■ EXERCISE DESCRIPTION
Across the records below, count the lines that contain "VECTOR" and write down only the count.
Segment Start: SUPPLIED RECORDS
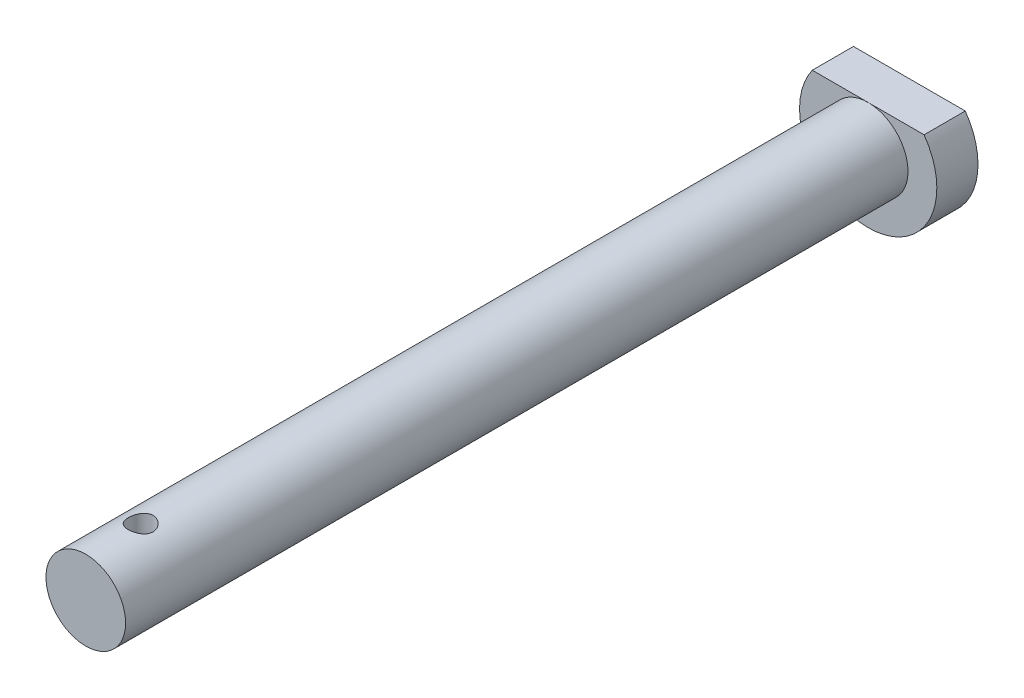
ISO-10303-21;
HEADER;
FILE_DESCRIPTION(('STEP AP214'),'2;1');
FILE_NAME('part.step','',(''),(''),'','','');
FILE_SCHEMA(('AUTOMOTIVE_DESIGN { 1 0 10303 214 1 1 1 1 }'));
ENDSEC;
DATA;
#1=APPLICATION_CONTEXT('core data for automotive mechanical design processes');
#2=APPLICATION_PROTOCOL_DEFINITION('international standard','automotive_design',2000,#1);
#3=PRODUCT_CONTEXT('',#1,'mechanical');
#4=PRODUCT('Part','Part','',(#3));
#5=PRODUCT_RELATED_PRODUCT_CATEGORY('part','',(#4));
#6=PRODUCT_DEFINITION_FORMATION('','',#4);
#7=PRODUCT_DEFINITION_CONTEXT('part definition',#1,'design');
#8=PRODUCT_DEFINITION('design','',#6,#7);
#9=PRODUCT_DEFINITION_SHAPE('','',#8);
#10=(LENGTH_UNIT() NAMED_UNIT(*) SI_UNIT(.MILLI.,.METRE.));
#11=(NAMED_UNIT(*) PLANE_ANGLE_UNIT() SI_UNIT($,.RADIAN.));
#12=(NAMED_UNIT(*) SI_UNIT($,.STERADIAN.) SOLID_ANGLE_UNIT());
#13=UNCERTAINTY_MEASURE_WITH_UNIT(LENGTH_MEASURE(1.E-05),#10,'distance_accuracy_value','');
#14=(GEOMETRIC_REPRESENTATION_CONTEXT(3) GLOBAL_UNCERTAINTY_ASSIGNED_CONTEXT((#13)) GLOBAL_UNIT_ASSIGNED_CONTEXT((#10,
#11,#12)) REPRESENTATION_CONTEXT('',''));
#15=CARTESIAN_POINT('',(0.,0.,0.));
#16=DIRECTION('',(0.,0.,1.));
#17=DIRECTION('',(1.,0.,0.));
#18=AXIS2_PLACEMENT_3D('',#15,#16,#17);
#19=CARTESIAN_POINT('',(0.,2.9,0.));
#20=DIRECTION('',(0.,1.,0.));
#21=DIRECTION('',(0.,0.,1.));
#22=AXIS2_PLACEMENT_3D('',#19,#20,#21);
#23=PLANE('',#22);
#24=DIRECTION('',(0.,0.,1.));
#25=VECTOR('',#24,1.);
#26=CARTESIAN_POINT('',(4.07308237088326,2.9,-3.));
#27=LINE('',#26,#25);
#28=CARTESIAN_POINT('',(4.07308237088326,2.9,-3.));
#29=VERTEX_POINT('',#28);
#30=CARTESIAN_POINT('',(4.07308237088326,2.9,0.));
#31=VERTEX_POINT('',#30);
#32=EDGE_CURVE('E85',#29,#31,#27,.T.);
#33=ORIENTED_EDGE('',*,*,#32,.F.);
#34=DIRECTION('',(-1.,0.,0.));
#35=VECTOR('',#34,1.);
#36=CARTESIAN_POINT('',(0.,2.9,-3.));
#37=LINE('',#36,#35);
#38=CARTESIAN_POINT('',(-4.07308237088326,2.9,-3.));
#39=VERTEX_POINT('',#38);
#40=EDGE_CURVE('E86',#29,#39,#37,.T.);
#41=ORIENTED_EDGE('',*,*,#40,.T.);
#42=DIRECTION('',(0.,0.,1.));
#43=VECTOR('',#42,1.);
#44=CARTESIAN_POINT('',(-4.07308237088326,2.9,-3.));
#45=LINE('',#44,#43);
#46=CARTESIAN_POINT('',(-4.07308237088326,2.9,0.));
#47=VERTEX_POINT('',#46);
#48=EDGE_CURVE('E83',#47,#39,#45,.F.);
#49=ORIENTED_EDGE('',*,*,#48,.F.);
#50=DIRECTION('',(-1.,0.,0.));
#51=VECTOR('',#50,1.);
#52=CARTESIAN_POINT('',(0.,2.9,0.));
#53=LINE('',#52,#51);
#54=CARTESIAN_POINT('',(0.,2.9,0.));
#55=VERTEX_POINT('',#54);
#56=EDGE_CURVE('E72',#55,#47,#53,.T.);
#57=ORIENTED_EDGE('',*,*,#56,.F.);
#58=EDGE_CURVE('E74',#31,#55,#53,.T.);
#59=ORIENTED_EDGE('',*,*,#58,.F.);
#60=EDGE_LOOP('',(#33,#41,#49,#57,#59));
#61=FACE_BOUND('',#60,.T.);
#62=ADVANCED_FACE('F33',(#61),#23,.T.);
#63=CARTESIAN_POINT('',(0.,0.,57.));
#64=DIRECTION('',(0.,0.,1.));
#65=DIRECTION('',(1.,0.,0.));
#66=AXIS2_PLACEMENT_3D('',#63,#64,#65);
#67=PLANE('',#66);
#68=CARTESIAN_POINT('',(0.,0.,57.));
#69=DIRECTION('',(0.,0.,1.));
#70=DIRECTION('',(1.,0.,0.));
#71=AXIS2_PLACEMENT_3D('',#68,#69,#70);
#72=CIRCLE('',#71,2.9);
#73=CARTESIAN_POINT('',(2.9,0.,57.));
#74=VERTEX_POINT('',#73);
#75=EDGE_CURVE('E76',#74,#74,#72,.T.);
#76=ORIENTED_EDGE('',*,*,#75,.T.);
#77=EDGE_LOOP('',(#76));
#78=FACE_BOUND('',#77,.T.);
#79=ADVANCED_FACE('F108',(#78),#67,.T.);
#80=CARTESIAN_POINT('',(0.,0.,57.));
#81=DIRECTION('',(0.,0.,-1.));
#82=DIRECTION('',(-1.,0.,0.));
#83=AXIS2_PLACEMENT_3D('',#80,#81,#82);
#84=CYLINDRICAL_SURFACE('',#83,2.9);
#85=CARTESIAN_POINT('',(0.,-2.9,53.9));
#86=CARTESIAN_POINT('',(0.0492931757415557,-2.89999972093717,53.8999996280622));
#87=CARTESIAN_POINT('',(0.0985901942586656,-2.89873130828847,53.8959369457034));
#88=CARTESIAN_POINT('',(0.195743642427587,-2.8937955664,53.8798354476981));
#89=CARTESIAN_POINT('',(0.24359972513641,-2.89012766417606,53.8677947269336));
#90=CARTESIAN_POINT('',(0.336456232833606,-2.88079384670372,53.8361815315336));
#91=CARTESIAN_POINT('',(0.381460919042364,-2.87513100003508,53.8166206200951));
#92=CARTESIAN_POINT('',(0.467551538058393,-2.86239266864545,53.7705711919));
#93=CARTESIAN_POINT('',(0.508636868515598,-2.85531696730369,53.7440816126376));
#94=CARTESIAN_POINT('',(0.586976022219221,-2.84026321843754,53.6840760050114));
#95=CARTESIAN_POINT('',(0.624093484138613,-2.83226571378867,53.6503868514532));
#96=CARTESIAN_POINT('',(0.692252817664866,-2.81638301088383,53.5773070900323));
#97=CARTESIAN_POINT('',(0.723293577701322,-2.80849783341925,53.5379154413383));
#98=CARTESIAN_POINT('',(0.779153939010954,-2.7935243071746,53.4533730604681));
#99=CARTESIAN_POINT('',(0.803803876324438,-2.78646000196046,53.4081055631098));
#100=CARTESIAN_POINT('',(0.845084715410564,-2.77422038936372,53.3138130008238));
#101=CARTESIAN_POINT('',(0.861717696623773,-2.76904459222406,53.2647889141091));
#102=CARTESIAN_POINT('',(0.88599477909076,-2.76137140946372,53.1659122331764));
#103=CARTESIAN_POINT('',(0.893891561143184,-2.75879892708712,53.1161276684066));
#104=CARTESIAN_POINT('',(0.901261428315877,-2.75640059477203,53.0158789419424));
#105=CARTESIAN_POINT('',(0.900736717670946,-2.75657402612009,52.965414961533));
#106=CARTESIAN_POINT('',(0.891476271370606,-2.75958159367971,52.8673238238415));
#107=CARTESIAN_POINT('',(0.883060926853588,-2.76231190502149,52.819662701618));
#108=CARTESIAN_POINT('',(0.858777243843435,-2.76995705014631,52.7264653040355));
#109=CARTESIAN_POINT('',(0.842908123189737,-2.77487211318295,52.6809292522217));
#110=CARTESIAN_POINT('',(0.803939399781582,-2.78641310286464,52.5925077881552));
#111=CARTESIAN_POINT('',(0.780738616506818,-2.79306272835418,52.5496701936321));
#112=CARTESIAN_POINT('',(0.727835431487886,-2.80731264666723,52.4683907337351));
#113=CARTESIAN_POINT('',(0.698131360405945,-2.81491318336635,52.4299500008618));
#114=CARTESIAN_POINT('',(0.63148928623927,-2.83062584939865,52.3567431140264));
#115=CARTESIAN_POINT('',(0.59428654467572,-2.83874563325825,52.3222191626541));
#116=CARTESIAN_POINT('',(0.514518453196474,-2.8542809323309,52.2598416719714));
#117=CARTESIAN_POINT('',(0.471952717163584,-2.86169639676788,52.2319886133616));
#118=CARTESIAN_POINT('',(0.382204810923906,-2.87506357659219,52.1835824515277));
#119=CARTESIAN_POINT('',(0.334990028392796,-2.88100374472077,52.1630864095606));
#120=CARTESIAN_POINT('',(0.237555721451469,-2.89066770879921,52.1303991997986));
#121=CARTESIAN_POINT('',(0.187337101267233,-2.89439216807123,52.1182055463394));
#122=CARTESIAN_POINT('',(0.0873770674008531,-2.89909865037031,52.1028801902196));
#123=CARTESIAN_POINT('',(0.0376905297953943,-2.90017987095835,52.0994205399745));
#124=CARTESIAN_POINT('',(-0.0615580930832937,-2.89977102018995,52.1007377059703));
#125=CARTESIAN_POINT('',(-0.111120195232684,-2.8982813187346,52.1055133373291));
#126=CARTESIAN_POINT('',(-0.207452871056923,-2.89296314976922,52.1229018884347));
#127=CARTESIAN_POINT('',(-0.254262071436738,-2.88919276995172,52.135320283688));
#128=CARTESIAN_POINT('',(-0.345119928401141,-2.87975351329884,52.1674050719232));
#129=CARTESIAN_POINT('',(-0.389168244712594,-2.87408440299299,52.1870723562682));
#130=CARTESIAN_POINT('',(-0.474437835875942,-2.86126089407265,52.2336284643668));
#131=CARTESIAN_POINT('',(-0.515565052187016,-2.85407390874808,52.2606803387783));
#132=CARTESIAN_POINT('',(-0.5928065154943,-2.83903705710556,52.3210416670958));
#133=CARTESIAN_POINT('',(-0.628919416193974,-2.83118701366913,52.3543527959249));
Segment End: SUPPLIED RECORDS
■ RESULT FOR THIS TASK
4